[Items listed in a dataset]
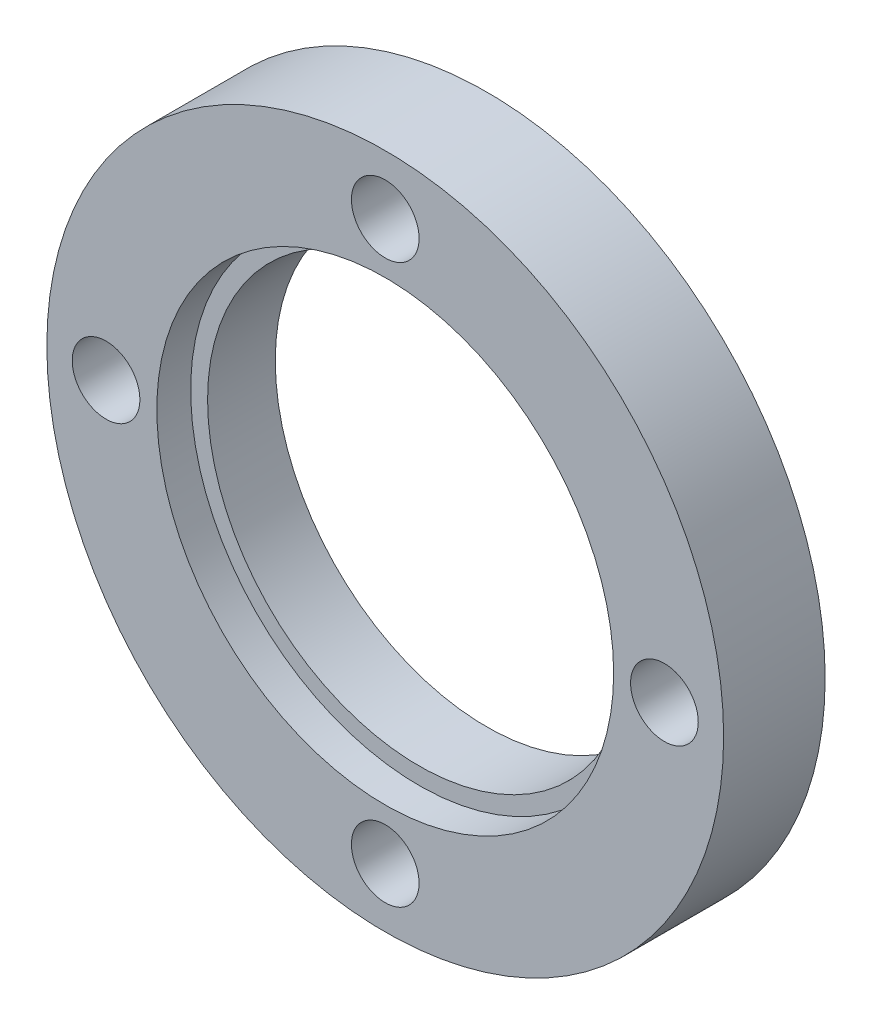
SolidWorks part; units mm, degrees
ref_plane "Front Plane" through (0, 0, 0) normal (0, 0, 1) x (1, 0, 0)
ref_plane "Top Plane" through (0, 0, 0) normal (0, 1, 0) x (1, 0, 0)
ref_plane "Right Plane" through (0, 0, 0) normal (1, 0, 0) x (0, 0, -1)
sketch "Sketch1" plane through (0, 0, 0) normal (0, 0, 1) x (1, 0, 0)
  circle A0 centre (0, 0) radius 40
  dimension "D1" = 80
extrude "Boss-Extrude1" add sketch "Sketch1" along normal blind 12
sketch "Sketch2" plane through (0, 0, 0) normal (0, 0, -1) x (-1, 0, 0)
  circle A0 centre (0, 0) radius 25
  dimension "D1" = 50
extrude "Cut-Extrude1" cut sketch "Sketch2" against normal through all contours A0
sketch "Sketch3" plane through (0, 0, 12) normal (0, 0, 1) x (1, 0, 0)
  circle A0 centre (0, 0) radius 33 construction
  circle A1 centre (-33, 0) radius 4
  circle A2 centre (0, 33) radius 4
  circle A3 centre (33, 0) radius 4
  circle A4 centre (0, -33) radius 4
  point P14 (0, 0)
  dimension "D1" = 8
  dimension "D3" = 33
  dimension "D2" = 4
extrude "Cut-Extrude2" cut sketch "Sketch3" against normal through all
sketch "Sketch4" plane through (0, 0, 12) normal (0, 0, 1) x (1, 0, 0)
  circle A0 centre (0, 0) radius 25
  circle A1 centre (0, 0) radius 27
  dimension "D1" = 2
extrude "Cut-Extrude3" cut sketch "Sketch4" against normal blind 4

Directions: In the data above, each line holding "dimension" is to be found and copied.

Final answer:
  dimension "D1" = 80
  dimension "D1" = 50
  dimension "D1" = 8
  dimension "D3" = 33
  dimension "D2" = 4
  dimension "D1" = 2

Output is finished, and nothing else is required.